Ok guys, you know those weights that all LFS's wrap plants in? I wish I would have kept them, cuz now I want to try weighing my rotalla walichi down instead of uprooting it every week. It grows like a friggin' weed in my tank. 

I think that if I wrap the plants up and drop them in the tank that maintainance will be much easier. Does anyone know where I can get something like those metal weights or do I need to go to a LFS?


----------



## epicfish (Sep 11, 2006)

Look on eBay for lead weights. I'm not sure if they're lead, actually. They come in 10 feet bunchs or something like that.

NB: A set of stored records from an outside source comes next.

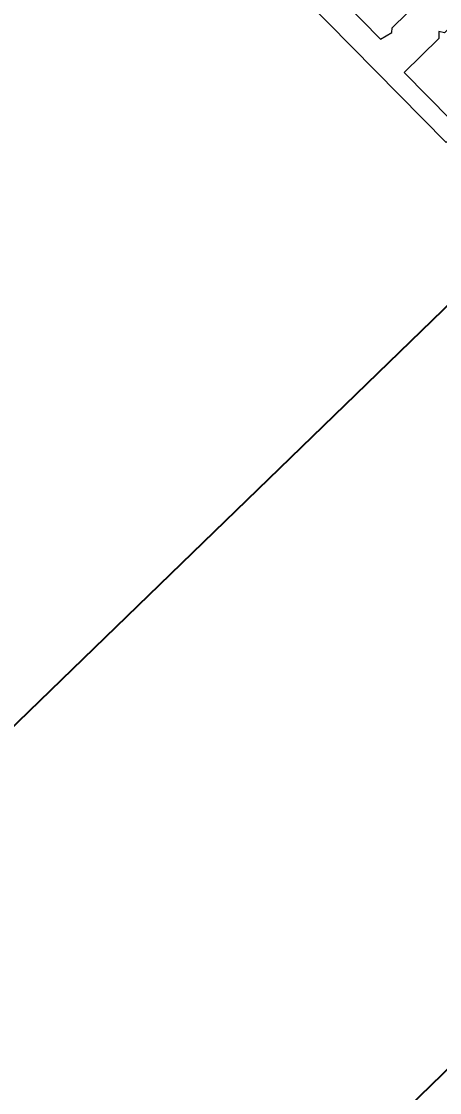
# Model space of a CAD drawing. Header units: millimetres. Extents: x -8417289 to 9420486, y 0 to 208205.
# Drawn here: x -189623.4 to -189591.8, y 109645.6 to 109726.4 of the extents above; entities that cross this region are included whole.
import ezdxf
from ezdxf import colors
from ezdxf.entities.mleader import LeaderData, LeaderLine
from ezdxf.math import Vec2, Vec3

# ---------------------------------------------------------------- set-up
doc = ezdxf.new("R2010")
doc.units = ezdxf.units.MM
doc.header["$MEASUREMENT"] = 0
doc.layers.get('0').update_dxf_attribs({"color": 250, "lineweight": 9})
for name, color, linetype, lineweight in [('_АР ТЕКСТ', 250, 'Continuous', 25), ('АР_Отметки', 250, 'Continuous', 15), ('АР_Перегородки витражные', 152, 'Continuous', 13), ('АР_Подоконники', 163, 'Continuous', 9), ('АР_Размеры нов.', 15, 'Continuous', 0), ('АР_Сущ Несущая стена', 216, 'Continuous', 30)]:
    doc.layers.add(name, color=color, linetype=linetype, lineweight=lineweight)
doc.layers.add('Тонкая', color=7, linetype='Continuous')
doc.layers.get('АР_Размеры нов.').off()
doc.styles.add('ISOCPEUR', font='isocpeur.TTF', dxfattribs={"width": 0.7})

# ---------------------------------------------------------------- blocks, each defined once
blk = doc.blocks.new('_DotSmall')
at = {"color": 0, "linetype": 'ByBlock', "const_width": 0.5}
blk.add_lwpolyline([(-0.0625, 0, 1), (0.0625, 0, 1)], format="xyb", close=True, dxfattribs=at)
blk = doc.blocks.new('стойка витр.')
at = {"lineweight": 0, "ltscale": 100, "transparency": 33554687}
for points in [[(7.552865449426463, -29.20159644143132), (3.790811872313498, -30.62819989795389), (3.216969908826286, -29.80262791351561), (3.358505795680685, -29.48817839122057), (1.715760294842767, -25.15614305267809)], [(-2.258247086545452, -23.27287612311193), (-7.844300284108613, -25.39115610946465), (-7.152623754285742, -27.21515572990756), (-6.480474312818842, -27.61228183979256), (-6.024430919787847, -27.43934621633525), (-6.413508587575052, -26.41332106186019), (-1.739484192192322, -24.64089033441996), (-0.3993375533900689, -28.17495120693638), (0.02910832117777318, -28.2732586849088), (-0.1831955090747215, -28.74493296838773), (1.113700732850702, -32.16493950470613), (-3.560323662532028, -33.93737023214635), (-3.906150933442404, -33.02539941386931), (-4.3621943264734, -33.19833503732661), (-4.645266100153094, -33.82723408192396), (-3.953589570330223, -35.65123370236688), (88.61521743849153, -0.5483364844694734)]]:
    blk.add_lwpolyline(points, dxfattribs=at)
blk = doc.blocks.new('A$Cf7573d2c')
at = {"color": 5, "lineweight": 0, "ltscale": 100, "transparency": 33554687}
for points in [[(59.23600692604668, -57.49742797698127), (60.00720510957763, -61.44628830635338), (59.09662615950219, -61.87256248592166), (58.81057523435447, -61.67998580618587), (54.2634303990053, -62.56802679647808)], [(51.73646704759449, -66.1671774207789), (52.88157409906853, -72.03060903266305), (54.79614538163878, -71.65670016474905), (55.30101650545839, -71.06121786679432), (55.20753037370741, -70.58252939883096), (54.13055739959236, -70.79285833732865), (53.17241072526667, -65.88674279826228), (56.88195725227706, -65.16228173740092), (57.05116537061986, -64.75657391108689), (57.48024175828323, -65.04543893066875), (61.07007052085828, -64.34435831751034), (62.02821719518397, -69.25047385657672), (61.07096198550425, -69.43742234735691), (61.16444811725523, -69.91611081532028), (61.73654996755067, -70.30126417477732), (63.65112125000451, -69.92735530684877), (44.67507682216819, 27.23800458030018)]]:
    blk.add_lwpolyline(points, dxfattribs=at)
at = {"layer": 'АР_Перегородки витражные', "rotation": 80.28340479355269}
blk.add_blockref('стойка витр.', (29.17858439369593, -60.01344902928395), dxfattribs=at)
blk = doc.blocks.new('A$Cd39b9c29')
at = {"color": 5, "ltscale": 150}
for p, q in [((2712.926967529347, -4791.11572777346), (4680.076830736827, -2877.601275894907)), ((2737.194348775665, -4824.668904606078), (4710.734972454258, -2905.506042351364))]:
    blk.add_line(p, q, dxfattribs=at)
at = {"color": 241, "ltscale": 100, "true_color": 0xf7abae, "xscale": -1, "rotation": 55.74238624617955}
blk.add_blockref('A$Cf7573d2c', (4644.773496303824, -2786.183340854594), dxfattribs=at)
blk = doc.blocks.new('A$Cec9b444d')
at = {"layer": 'Тонкая', "ltscale": 100, "rotation": 359.8999999999999}
blk.add_blockref('A$Cd39b9c29', (-19.13216614062549, 2.909131854816223), dxfattribs=at)

msp = doc.modelspace()

# ---------------------------------------------------------------- linework, layer by layer
at = {"layer": 'АР_Подоконники', "ltscale": 100}
msp.add_arc((-197115.7542506705, 115490.9179209339), 8940.172386791677, 271.6912536695478, 356.3290814001832, dxfattribs=at)
at = {"layer": 'АР_Сущ Несущая стена', "lineweight": 18, "ltscale": 100}
for centre, radius, start, end in [((-197116.3547424845, 115484.5892881857), 9778.654617052323, 272.5925479651556, 356.6353913736798), ((-197124.0221649795, 115502.5789153872), 9144.28346907419, 272.8206375183279, 356.2887310665694)]:
    msp.add_arc(centre, radius, start, end, dxfattribs=at)

# ---------------------------------------------------------------- block references
at = {"layer": 'АР_Размеры нов.', "ltscale": 100}
msp.add_blockref('A$Cec9b444d', (-194233.915110983, 112600.6824583525), dxfattribs=at)

# ---------------------------------------------------------------- leaders
at = {"layer": '_АР ТЕКСТ'}
ml = msp.add_multileader_mtext('Standard', dxfattribs=at)
ml.set_content('{\\W0.8;-2,550}', color=256, style='ISOCPEUR')
ml.set_leader_properties(color=256, linetype='Continuous', lineweight=-1)
ml.set_arrow_properties(name='DOTSMALL')
ml.build(insert=Vec2(0, 0))
ml.multileader.update_dxf_attribs({"has_text_frame": 1, "text_left_attachment_type": 4, "text_right_attachment_type": 4, "dogleg_length": 100, "arrow_head_size": 180})
ctx = ml.context
ctx.base_point, ctx.char_height, ctx.arrow_head_size, ctx.landing_gap_size, ctx.plane_origin = Vec3(-302775.822290387, 123943.2638625839, -1.961751612303354), 250, 180, 50, Vec3(-302295.4889269536, 121699.245469789, -1.961751612303354)
ctx.left_attachment, ctx.right_attachment = 4, 4
notes = []
notes.append((ctx, [(0, (0, 0, 0), (0, 0), (1, 0), 1, [])]))
ctx.mtext.insert, ctx.mtext.width, ctx.mtext.defined_height, ctx.mtext.line_spacing_style, ctx.mtext.flow_direction = Vec3(-302725.822290387, 124276.5971959173, -1.961751612303354), 801.0864057841361, 330.709552927064, 2, 5
ml = msp.add_multileader_mtext('Standard', dxfattribs=at)
ml.set_content('{\\W0.8;-2,550}', color=256, style='ISOCPEUR')
ml.set_leader_properties(color=256, linetype='Continuous', lineweight=-1)
ml.set_arrow_properties(name='DOTSMALL')
ml.build(insert=Vec2(0, 0))
ml.multileader.update_dxf_attribs({"has_text_frame": 1, "text_left_attachment_type": 4, "text_right_attachment_type": 4, "dogleg_length": 100, "arrow_head_size": 180})
ctx = ml.context
ctx.base_point, ctx.char_height, ctx.arrow_head_size, ctx.landing_gap_size, ctx.plane_origin = Vec3(-314736.0148765142, 120073.2763382189, -1.961751612303354), 250, 180, 50, Vec3(-314255.6815130808, 117829.2579454239, -1.961751612303354)
ctx.left_attachment, ctx.right_attachment = 4, 4
notes.append((ctx, [(0, (0, 0, 0), (0, 0), (1, 0), 1, [])]))
ctx.mtext.insert, ctx.mtext.width, ctx.mtext.defined_height, ctx.mtext.line_spacing_style, ctx.mtext.flow_direction = Vec3(-314686.0148765142, 120406.6096715522, -1.961751612303354), 801.0864057841361, 330.709552927064, 2, 5
at = {"layer": 'АР_Отметки'}
ml = msp.add_multileader_mtext('Standard', dxfattribs=at)
ml.set_content('%%P0,000', color=256, style='ISOCPEUR')
ml.set_leader_properties(color=256, linetype='Continuous', lineweight=-1)
ml.set_arrow_properties(name='DOTSMALL')
ml.build(insert=Vec2(0, 0))
ml.multileader.update_dxf_attribs({"has_text_frame": 1, "text_left_attachment_type": 4, "text_right_attachment_type": 4, "dogleg_length": 100, "arrow_head_size": 180})
ctx = ml.context
ctx.base_point, ctx.char_height, ctx.arrow_head_size, ctx.landing_gap_size, ctx.plane_origin = Vec3(-195860.622478677, 128720.7430100038, -0.1595442850443263), 250, 180, 50, Vec3(-198931.7041943423, 127131.194468972, -0.1595442850443263)
ctx.left_attachment, ctx.right_attachment = 4, 4
notes.append((ctx, [(0, (0, 0, 0), (0, 0), (1, 0), 1, [])]))
ctx.mtext.insert, ctx.mtext.width, ctx.mtext.line_spacing_style, ctx.mtext.flow_direction = Vec3(-195810.622478677, 129054.0763433372, -0.1595442850443263), 852.6970314602484, 2, 5
ml = msp.add_multileader_mtext('Standard', dxfattribs=at)
ml.set_content('{\\W0.8;-2,250}', color=256, style='ISOCPEUR')
ml.set_leader_properties(color=256, linetype='Continuous', lineweight=-1)
ml.set_arrow_properties(name='DOTSMALL')
ml.build(insert=Vec2(0, 0))
ml.multileader.update_dxf_attribs({"has_text_frame": 1, "text_left_attachment_type": 4, "text_right_attachment_type": 4, "dogleg_length": 100, "arrow_head_size": 180})
ctx = ml.context
ctx.base_point, ctx.char_height, ctx.arrow_head_size, ctx.landing_gap_size, ctx.plane_origin = Vec3(-297233.6192957293, 128352.8588700729), 250, 180, 50, Vec3(-296855.5361043215, 126878.8351738673)
ctx.left_attachment, ctx.right_attachment = 4, 4
notes.append((ctx, [(0, (0, 0, 0), (0, 0), (1, 0), 1, [])]))
ctx.mtext.insert, ctx.mtext.width, ctx.mtext.defined_height, ctx.mtext.line_spacing_style, ctx.mtext.flow_direction = Vec3(-297183.6192957293, 128686.1922034062), 769.9889591111103, 343.8884462512117, 2, 5
ml = msp.add_multileader_mtext('Standard', dxfattribs=at)
ml.set_content('0,000', color=256, style='ISOCPEUR')
ml.set_leader_properties(color=256, linetype='Continuous', lineweight=-1)
ml.set_arrow_properties(name='DOTSMALL')
ml.build(insert=Vec2(0, 0))
ml.multileader.update_dxf_attribs({"has_text_frame": 1, "text_left_attachment_type": 4, "text_right_attachment_type": 4, "dogleg_length": 100, "arrow_head_size": 180})
ctx = ml.context
ctx.base_point, ctx.char_height, ctx.arrow_head_size, ctx.landing_gap_size, ctx.plane_origin = Vec3(-202684.2395502269, 121780.8524941115, -0.1595442850443263), 250, 180, 50, Vec3(-205755.3212658922, 120191.3039530797, -0.1595442850443263)
ctx.left_attachment, ctx.right_attachment = 4, 4
notes.append((ctx, [(0, (0, 0, 0), (0, 0), (1, 0), 1, [])]))
ctx.mtext.insert, ctx.mtext.width, ctx.mtext.line_spacing_style, ctx.mtext.flow_direction = Vec3(-202634.2395502269, 122114.1858274449, -0.1595442850443263), 852.6970314602484, 2, 5
ml = msp.add_multileader_mtext('Standard', dxfattribs=at)
ml.set_content('{\\W0.8;-2,250}', color=256, style='ISOCPEUR')
ml.set_leader_properties(color=256, linetype='Continuous', lineweight=-1)
ml.set_arrow_properties(name='DOTSMALL')
ml.build(insert=Vec2(0, 0))
ml.multileader.update_dxf_attribs({"has_text_frame": 1, "text_left_attachment_type": 4, "text_right_attachment_type": 4, "dogleg_length": 100, "arrow_head_size": 180})
ctx = ml.context
ctx.base_point, ctx.char_height, ctx.arrow_head_size, ctx.landing_gap_size, ctx.plane_origin = Vec3(-298305.7964583198, 120267.0421383413, 1.149675994230903e-08), 250, 180, 50, Vec3(-302964.3053933498, 116414.7346247101, 1.149675994230903e-08)
ctx.left_attachment, ctx.right_attachment = 4, 4
notes.append((ctx, [(0, (0, 0, 0), (0, 0), (1, 0), 1, [])]))
ctx.mtext.insert, ctx.mtext.width, ctx.mtext.defined_height, ctx.mtext.line_spacing_style, ctx.mtext.flow_direction = Vec3(-298255.7964583198, 120600.3754716746, 1.149675994230903e-08), 769.9889591111103, 343.8884462512117, 2, 5
ml = msp.add_multileader_mtext('Standard', dxfattribs=at)
ml.set_content('{\\W0.8;-2,250}', color=256, style='ISOCPEUR')
ml.set_leader_properties(color=256, linetype='Continuous', lineweight=-1)
ml.set_arrow_properties(name='DOTSMALL')
ml.build(insert=Vec2(0, 0))
ml.multileader.update_dxf_attribs({"has_text_frame": 1, "text_left_attachment_type": 4, "text_right_attachment_type": 4, "dogleg_length": 100, "arrow_head_size": 180})
ctx = ml.context
ctx.base_point, ctx.char_height, ctx.arrow_head_size, ctx.landing_gap_size, ctx.plane_origin = Vec3(-336127.5, 116985.8569053825, 1.149675994230903e-08), 250, 180, 50, Vec3(-337173.9636271417, 115928.762695511, 1.149675994230903e-08)
ctx.left_attachment, ctx.right_attachment = 4, 4
notes.append((ctx, [(0, (0, 0, 0), (0, 0), (1, 0), 1, [])]))
ctx.mtext.insert, ctx.mtext.width, ctx.mtext.defined_height, ctx.mtext.line_spacing_style, ctx.mtext.flow_direction = Vec3(-336077.5, 117319.1902387158, 1.149675994230903e-08), 769.9889591111103, 343.8884462512117, 2, 5
ml = msp.add_multileader_mtext('Standard', dxfattribs=at)
ml.set_content('{\\W0.8;-2,650}', color=256, style='ISOCPEUR')
ml.set_leader_properties(color=256, linetype='Continuous', lineweight=-1)
ml.set_arrow_properties(name='DOTSMALL')
ml.build(insert=Vec2(0, 0))
ml.multileader.update_dxf_attribs({"has_text_frame": 1, "text_left_attachment_type": 4, "text_right_attachment_type": 4, "dogleg_length": 100, "arrow_head_size": 180})
ctx = ml.context
ctx.base_point, ctx.char_height, ctx.arrow_head_size, ctx.landing_gap_size, ctx.plane_origin = Vec3(-302139.5, 114233.6666666667), 250, 180, 50, Vec3(-302336.2563643702, 112502.8541723344)
ctx.left_attachment, ctx.right_attachment = 4, 4
notes.append((ctx, [(0, (0, 0, 0), (0, 0), (1, 0), 1, [])]))
ctx.mtext.insert, ctx.mtext.width, ctx.mtext.defined_height, ctx.mtext.line_spacing_style, ctx.mtext.flow_direction = Vec3(-302089.5, 114567), 881.1857792269554, 430.9869369475685, 2, 5
for ctx, leaders in notes:
    for number, flags, end, landing, length, lines in leaders:
        leader = LeaderData()
        leader.index, (leader.has_last_leader_line, leader.has_dogleg_vector, leader.attachment_direction) = number, flags
        leader.last_leader_point, leader.dogleg_vector, leader.dogleg_length = Vec3(end), Vec3(landing), length
        for number, points, colour, breaks in lines:
            line = LeaderLine()
            line.index, line.vertices, line.color, line.breaks = number, Vec3.list(points), colors.encode_raw_color(colour), breaks
            leader.lines.append(line)
        ctx.leaders.append(leader)

doc.saveas('drawing.dxf')
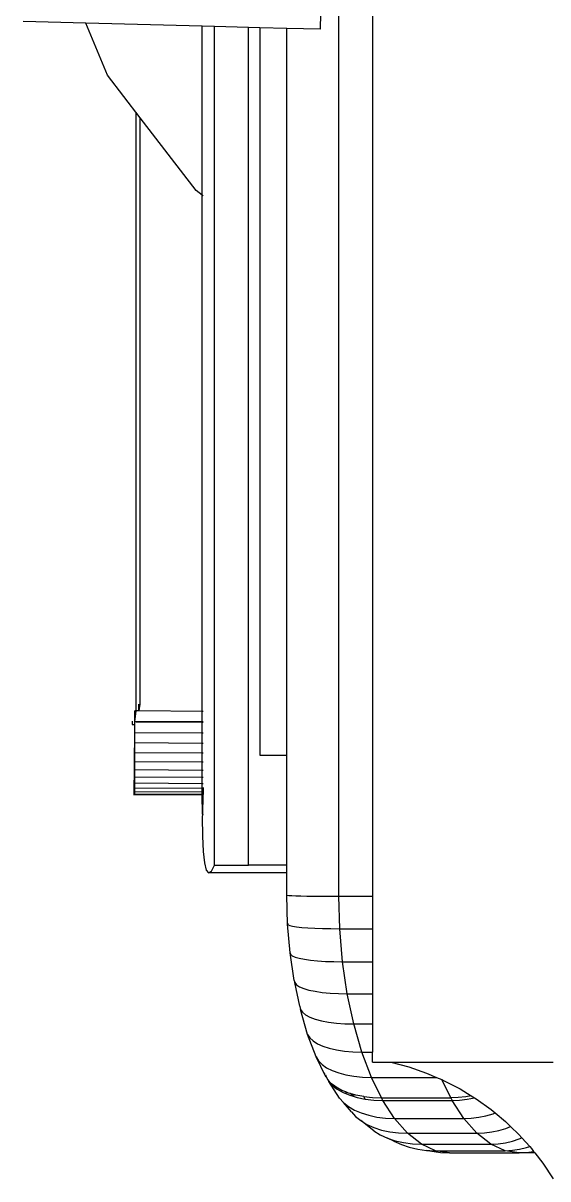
# Model space of a CAD drawing. Header units: millimetres. Extents: x 1380494 to 2061523, y -305664 to -174999.
# Drawn here: x 2013874.9 to 2013966.8, y -276648.5 to -276446 of the extents above; entities that cross this region are included whole.
import ezdxf

# ---------------------------------------------------------------- set-up
doc = ezdxf.new("R2010")
doc.units = ezdxf.units.MM
doc.header["$LTSCALE"] = 600
doc.header["$MEASUREMENT"] = 0
doc.layers.add('medical equipment', color=171, linetype='Continuous', lineweight=25)

msp = doc.modelspace()

# ---------------------------------------------------------------- linework, layer by layer
at = {"layer": 'medical equipment'}
for p, q in [((2013930.2274, -276598.9687), (2013930.2274, -276231.8552)), ((2013936.1194, -276231.8552), (2013936.1194, -276598.9687)), ((2013928.523, -276387.0212), (2013926.9344, -276447.0512)), ((2013885.9338, -276445.9677), (2013874.9276, -276445.6769)), ((2013889.7082, -276455.0802), (2013885.9338, -276445.9677)), ((2013906.3066, -276446.5061), (2013885.9338, -276445.9677)), ((2013908.4625, -276446.5631), (2013906.3066, -276446.5061)), ((2013906.3066, -276476.1333), (2013906.3066, -276446.5061)), ((2013908.4625, -276593.5318), (2013908.4625, -276446.5631)), ((2013914.3999, -276446.72), (2013908.4625, -276446.5631)), ((2013914.3999, -276593.5318), (2013914.3999, -276446.72)), ((2013916.3921, -276446.7726), (2013914.3999, -276446.72)), ((2013916.3921, -276446.7726), (2013916.3921, -276574.2605)), ((2013921.1068, -276446.8972), (2013916.3921, -276446.7726)), ((2013921.1068, -276574.2605), (2013921.1068, -276446.8972)), ((2013926.9344, -276447.0512), (2013921.1068, -276446.8972)), ((2013895.4415, -276462.5519), (2013889.7082, -276455.0802)), ((2013894.746, -276566.4891), (2013894.746, -276461.6456)), ((2013895.4415, -276565.2844), (2013895.4415, -276462.5519)), ((2013905.2275, -276475.3052), (2013895.4415, -276462.5519)), ((2013906.3066, -276476.1333), (2013905.2275, -276475.3052)), ((2013906.4487, -276476.2423), (2013906.3066, -276476.1333)), ((2013906.3066, -276566.564), (2013906.3066, -276476.1333)), ((2013894.4783, -276568.3865), (2013894.746, -276566.4891)), ((2013894.4783, -276567.1818), (2013894.516, -276566.4893)), ((2013894.746, -276566.4891), (2013894.516, -276566.4893)), ((2013895.271, -276566.4925), (2013894.746, -276566.4891)), ((2013895.1875, -276566.4919), (2013895.2115, -276565.2846)), ((2013895.271, -276566.4925), (2013895.4415, -276565.2844)), ((2013906.3066, -276566.564), (2013895.271, -276566.4925)), ((2013906.4487, -276566.5649), (2013906.3066, -276566.564)), ((2013906.3066, -276568.3138), (2013906.3066, -276566.564)), ((2013893.9988, -276568.2825), (2013893.9988, -276568.8701)), ((2013894.4783, -276568.3865), (2013894.4783, -276567.1818)), ((2013894.4783, -276568.8701), (2013894.4783, -276568.3865)), ((2013894.7303, -276568.3865), (2013894.4783, -276568.3865)), ((2013894.7303, -276568.3865), (2013906.3066, -276568.4629)), ((2013906.3066, -276568.3865), (2013894.7303, -276568.3865)), ((2013906.3066, -276568.3865), (2013906.3066, -276568.3138)), ((2013906.4487, -276568.3865), (2013906.3066, -276568.3865)), ((2013906.3066, -276568.4629), (2013906.3066, -276568.3865)), ((2013906.3066, -276568.4629), (2013906.4487, -276568.4639)), ((2013906.3066, -276570.3301), (2013906.3066, -276568.4629)), ((2013893.9988, -276568.8701), (2013894.4783, -276568.8701)), ((2013894.4783, -276570.2519), (2013894.4783, -276568.8701)), ((2013894.4783, -276572.0539), (2013894.4783, -276570.2519)), ((2013894.4783, -276570.2519), (2013906.3066, -276570.3301)), ((2013906.3066, -276570.3301), (2013906.4487, -276570.331)), ((2013906.3066, -276572.1304), (2013906.3066, -276570.3301)), ((2013894.4487, -276573.762), (2013894.4783, -276572.0539)), ((2013894.4783, -276573.7622), (2013894.4783, -276572.0539)), ((2013894.4783, -276572.0539), (2013906.3066, -276572.1304)), ((2013906.3066, -276572.1304), (2013906.4487, -276572.1313)), ((2013906.3066, -276573.8387), (2013906.3066, -276572.1304)), ((2013894.4341, -276575.3477), (2013894.4487, -276573.762)), ((2013894.4487, -276573.762), (2013894.4783, -276573.7622)), ((2013894.4783, -276575.348), (2013894.4783, -276573.7622)), ((2013894.4783, -276573.7622), (2013906.3066, -276573.8387)), ((2013906.3066, -276573.8387), (2013906.4487, -276573.8396)), ((2013906.3066, -276575.4245), (2013906.3066, -276573.8387)), ((2013916.3921, -276574.2605), (2013921.1068, -276574.2605)), ((2013921.1068, -276574.2605), (2013921.1807, -276574.2605)), ((2013921.1068, -276593.5318), (2013921.1068, -276574.2605)), ((2013894.4208, -276576.7842), (2013894.4341, -276575.3477)), ((2013894.4341, -276575.3477), (2013894.4783, -276575.348)), ((2013894.4783, -276576.7846), (2013894.4783, -276575.348)), ((2013894.4783, -276575.348), (2013906.3066, -276575.4245)), ((2013906.3066, -276575.4245), (2013906.4487, -276575.4254)), ((2013906.3066, -276576.8611), (2013906.3066, -276575.4245)), ((2013894.3992, -276579.1156), (2013894.4091, -276578.0473)), ((2013894.4091, -276578.0473), (2013894.4208, -276576.7842)), ((2013894.4091, -276578.0473), (2013894.4783, -276578.0477)), ((2013894.4208, -276576.7842), (2013894.4783, -276576.7846)), ((2013894.4783, -276578.0477), (2013894.4783, -276576.7846)), ((2013894.4783, -276576.7846), (2013906.3066, -276576.8611)), ((2013894.4783, -276579.1162), (2013894.4783, -276578.0477)), ((2013894.4783, -276578.0477), (2013906.3066, -276578.1242)), ((2013906.3066, -276576.8611), (2013906.4487, -276576.862)), ((2013906.3066, -276578.1242), (2013906.3066, -276576.8611)), ((2013906.3066, -276578.1242), (2013906.4487, -276578.1251)), ((2013906.3066, -276579.1926), (2013906.3066, -276578.1242)), ((2013894.3805, -276579.9334), (2013894.3805, -276579.7861)), ((2013894.3805, -276581.1381), (2013894.3805, -276579.9334)), ((2013894.4783, -276579.9334), (2013894.3805, -276579.9334)), ((2013894.3819, -276580.9908), (2013894.3855, -276580.5999)), ((2013894.3855, -276580.5999), (2013894.3913, -276579.9713)), ((2013894.3855, -276580.5999), (2013894.4783, -276580.6005)), ((2013894.3913, -276579.9713), (2013894.3992, -276579.1156)), ((2013894.3913, -276579.9713), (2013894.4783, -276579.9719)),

You can just cut them up and wrap them around the end of your plants. =)


----------



## wiste (Feb 10, 2006)

There were some suggestions in this recent thread such as lead free solder which you should be able to find locally.
http://www.aquaticplantcentral.com/forumapc/general-aquarium-plants-discussions/32989-plant-anchors.html?highlight=plant+weights


----------



## MiSo (Nov 4, 2005)

you can get them from Pet Supplies & Pet Products: The Pet Supply and Product Choice - Drs Foster & Smith
but with shipping, it probably wouldn't be cost effective unless you were picking up other items also. 
you can always ask the lfs if they have any extras.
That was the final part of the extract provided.